Copy out the data below as written; omit any images.

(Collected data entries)
• • • • • • •

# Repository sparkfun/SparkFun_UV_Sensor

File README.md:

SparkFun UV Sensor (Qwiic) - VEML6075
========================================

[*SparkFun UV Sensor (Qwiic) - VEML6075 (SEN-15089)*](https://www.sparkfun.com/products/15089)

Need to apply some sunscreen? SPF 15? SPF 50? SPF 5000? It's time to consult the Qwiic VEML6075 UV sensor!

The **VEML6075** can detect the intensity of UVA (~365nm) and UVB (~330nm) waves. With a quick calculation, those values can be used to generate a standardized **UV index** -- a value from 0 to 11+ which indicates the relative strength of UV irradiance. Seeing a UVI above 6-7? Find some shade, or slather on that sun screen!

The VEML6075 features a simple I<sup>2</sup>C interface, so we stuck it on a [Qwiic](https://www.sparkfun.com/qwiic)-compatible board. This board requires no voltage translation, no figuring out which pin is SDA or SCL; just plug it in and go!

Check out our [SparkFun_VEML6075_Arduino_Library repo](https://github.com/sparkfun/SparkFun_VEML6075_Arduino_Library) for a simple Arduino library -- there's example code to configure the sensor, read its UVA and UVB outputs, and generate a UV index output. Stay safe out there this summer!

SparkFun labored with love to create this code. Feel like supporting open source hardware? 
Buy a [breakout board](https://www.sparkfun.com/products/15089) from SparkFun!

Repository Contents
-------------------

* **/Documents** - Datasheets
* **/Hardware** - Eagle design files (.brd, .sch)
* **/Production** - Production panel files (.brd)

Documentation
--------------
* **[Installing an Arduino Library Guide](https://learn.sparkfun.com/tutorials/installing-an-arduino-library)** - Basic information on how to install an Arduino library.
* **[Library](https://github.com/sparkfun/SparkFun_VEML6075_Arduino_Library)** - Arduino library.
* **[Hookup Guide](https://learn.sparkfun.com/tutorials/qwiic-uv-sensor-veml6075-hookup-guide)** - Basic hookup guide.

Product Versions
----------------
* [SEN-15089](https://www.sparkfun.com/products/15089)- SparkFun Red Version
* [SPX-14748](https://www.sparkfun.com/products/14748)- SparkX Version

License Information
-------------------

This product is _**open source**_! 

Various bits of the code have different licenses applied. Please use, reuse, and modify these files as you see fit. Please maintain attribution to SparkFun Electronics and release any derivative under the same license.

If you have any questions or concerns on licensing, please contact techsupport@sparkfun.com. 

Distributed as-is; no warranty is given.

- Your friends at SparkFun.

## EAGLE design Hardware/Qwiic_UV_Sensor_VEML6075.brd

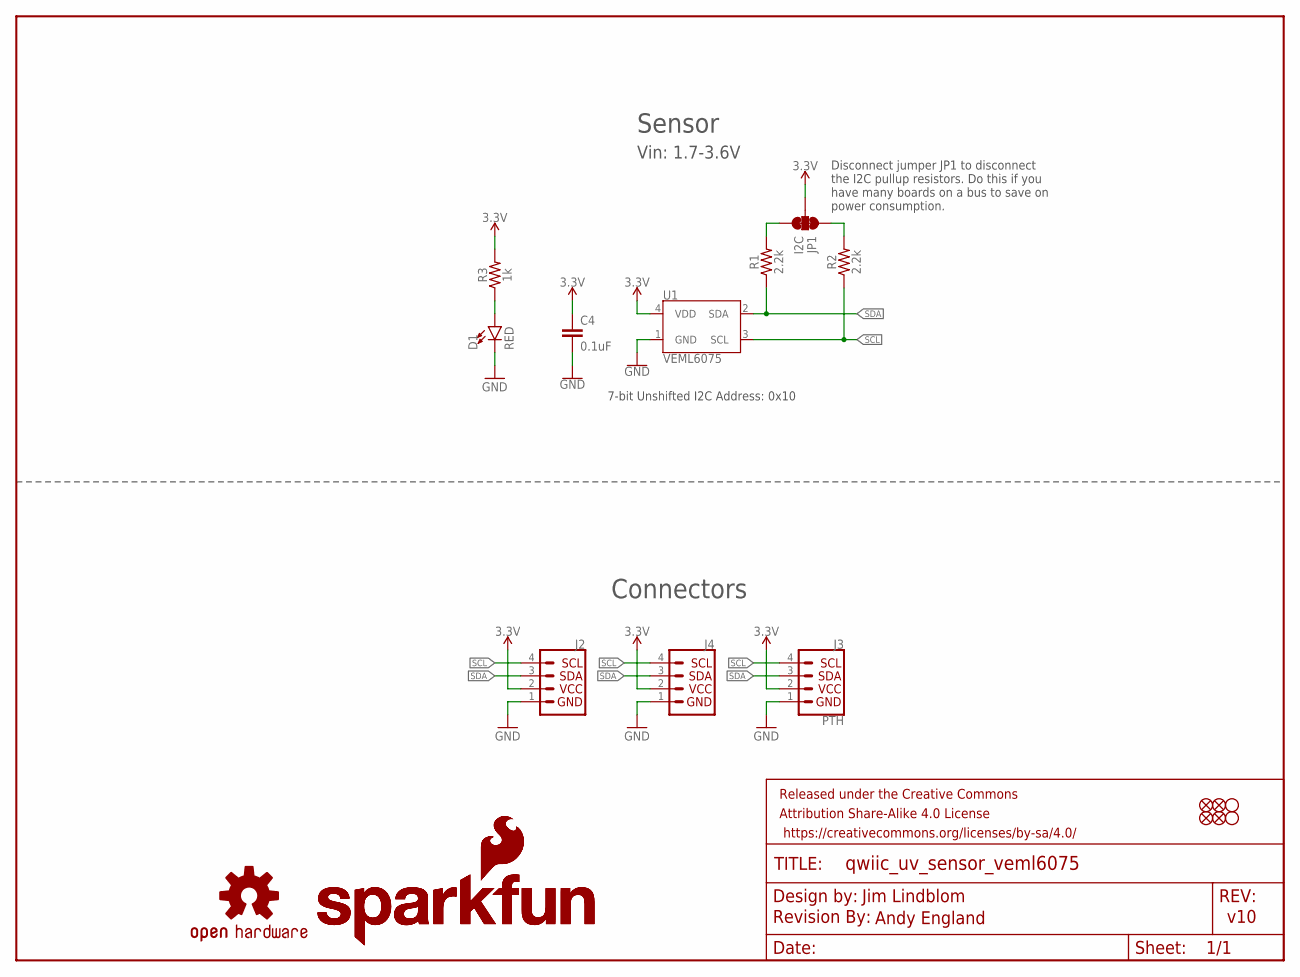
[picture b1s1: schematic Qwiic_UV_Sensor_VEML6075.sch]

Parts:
C4: 0.1uF; 0603
D1: RED; LED-0603
FRAME1: FRAME-LETTER; CREATIVE_COMMONS
J2, J4: QWIIC_CONNECTORJS-1MM; 1X04_1MM_RA
J3: PTH; 1X04_NO_SILK
JP1: I2C; SMT-JUMPER_3_2-NC_TRACE_SILK
JP2, JP5, JP6, JP7: FIDUCIALUFIDUCIAL; MICRO-FIDUCIAL
JP3, JP4: STAND-OFF
LOGO1: OSHW-LOGOMINI; OSHW-LOGO-MINI
LOGO2: REVISION
R1, R2: 2.2k; 0603
R3: 1k; 0603
U1: VEML6075; VEML6075_A3OP
U$1, U$2: SFE_LOGO_NAME_FLAME.1_INCH; SFE_LOGO_NAME_FLAME_.1

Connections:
3.3V: C4.1, J2.2, J3.2 (VCC), J4.2, JP1.2, R3.2, U1.4 (VDD)
GND: C4.2, D1.C, J2.1, J3.1 (GND), J4.1, U1.1 (GND)
unnamed: D1.A, R3.1
unnamed: JP1.3, R1.2
unnamed: JP1.1, R2.2
SCL: J2.4, J3.4 (SCL), J4.4, R2.1, U1.3 (SCL)
SDA: J2.3, J3.3 (SDA), J4.3, R1.1, U1.2 (SDA)

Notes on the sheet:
7-bit Unshifted I2C Address: 0x10
v10
Sensor
Connectors
Jim Lindblom
Andy England
Vin: 1.7-3.6V
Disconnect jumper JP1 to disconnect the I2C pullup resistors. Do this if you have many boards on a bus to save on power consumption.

• • • • • • •

■ Result:
# Repository sparkfun/SparkFun_UV_Sensor

File README.md:

SparkFun UV Sensor (Qwiic) - VEML6075
========================================

[*SparkFun UV Sensor (Qwiic) - VEML6075 (SEN-15089)*](https://www.sparkfun.com/products/15089)

Need to apply some sunscreen? SPF 15? SPF 50? SPF 5000? It's time to consult the Qwiic VEML6075 UV sensor!

The **VEML6075** can detect the intensity of UVA (~365nm) and UVB (~330nm) waves. With a quick calculation, those values can be used to generate a standardized **UV index** -- a value from 0 to 11+ which indicates the relative strength of UV irradiance. Seeing a UVI above 6-7? Find some shade, or slather on that sun screen!

The VEML6075 features a simple I<sup>2</sup>C interface, so we stuck it on a [Qwiic](https://www.sparkfun.com/qwiic)-compatible board. This board requires no voltage translation, no figuring out which pin is SDA or SCL; just plug it in and go!

Check out our [SparkFun_VEML6075_Arduino_Library repo](https://github.com/sparkfun/SparkFun_VEML6075_Arduino_Library) for a simple Arduino library -- there's example code to configure the sensor, read its UVA and UVB outputs, and generate a UV index output. Stay safe out there this summer!

SparkFun labored with love to create this code. Feel like supporting open source hardware? 
Buy a [breakout board](https://www.sparkfun.com/products/15089) from SparkFun!

Repository Contents
-------------------

* **/Documents** - Datasheets
* **/Hardware** - Eagle design files (.brd, .sch)
* **/Production** - Production panel files (.brd)

Documentation
--------------
* **[Installing an Arduino Library Guide](https://learn.sparkfun.com/tutorials/installing-an-arduino-library)** - Basic information on how to install an Arduino library.
* **[Library](https://github.com/sparkfun/SparkFun_VEML6075_Arduino_Library)** - Arduino library.
* **[Hookup Guide](https://learn.sparkfun.com/tutorials/qwiic-uv-sensor-veml6075-hookup-guide)** - Basic hookup guide.

Product Versions
----------------
* [SEN-15089](https://www.sparkfun.com/products/15089)- SparkFun Red Version
* [SPX-14748](https://www.sparkfun.com/products/14748)- SparkX Version

License Information
-------------------

This product is _**open source**_! 

Various bits of the code have different licenses applied. Please use, reuse, and modify these files as you see fit. Please maintain attribution to SparkFun Electronics and release any derivative under the same license.

If you have any questions or concerns on licensing, please contact techsupport@sparkfun.com. 

Distributed as-is; no warranty is given.

- Your friends at SparkFun.

## EAGLE design Hardware/Qwiic_UV_Sensor_VEML6075.brd

[picture b1s1: schematic Qwiic_UV_Sensor_VEML6075.sch]

Parts:
C4: 0.1uF; 0603
D1: RED; LED-0603
FRAME1: FRAME-LETTER; CREATIVE_COMMONS
J2, J4: QWIIC_CONNECTORJS-1MM; 1X04_1MM_RA
J3: PTH; 1X04_NO_SILK
JP1: I2C; SMT-JUMPER_3_2-NC_TRACE_SILK
JP2, JP5, JP6, JP7: FIDUCIALUFIDUCIAL; MICRO-FIDUCIAL
JP3, JP4: STAND-OFF
LOGO1: OSHW-LOGOMINI; OSHW-LOGO-MINI
LOGO2: REVISION
R1, R2: 2.2k; 0603
R3: 1k; 0603
U1: VEML6075; VEML6075_A3OP
U$1, U$2: SFE_LOGO_NAME_FLAME.1_INCH; SFE_LOGO_NAME_FLAME_.1

Connections:
3.3V: C4.1, J2.2, J3.2 (VCC), J4.2, JP1.2, R3.2, U1.4 (VDD)
GND: C4.2, D1.C, J2.1, J3.1 (GND), J4.1, U1.1 (GND)
unnamed: D1.A, R3.1
unnamed: JP1.3, R1.2
unnamed: JP1.1, R2.2
SCL: J2.4, J3.4 (SCL), J4.4, R2.1, U1.3 (SCL)
SDA: J2.3, J3.3 (SDA), J4.3, R1.1, U1.2 (SDA)

Notes on the sheet:
7-bit Unshifted I2C Address: 0x10
v10
Sensor
Connectors
Jim Lindblom
Andy England
Vin: 1.7-3.6V
Disconnect jumper JP1 to disconnect the I2C pullup resistors. Do this if you have many boards on a bus to save on power consumption.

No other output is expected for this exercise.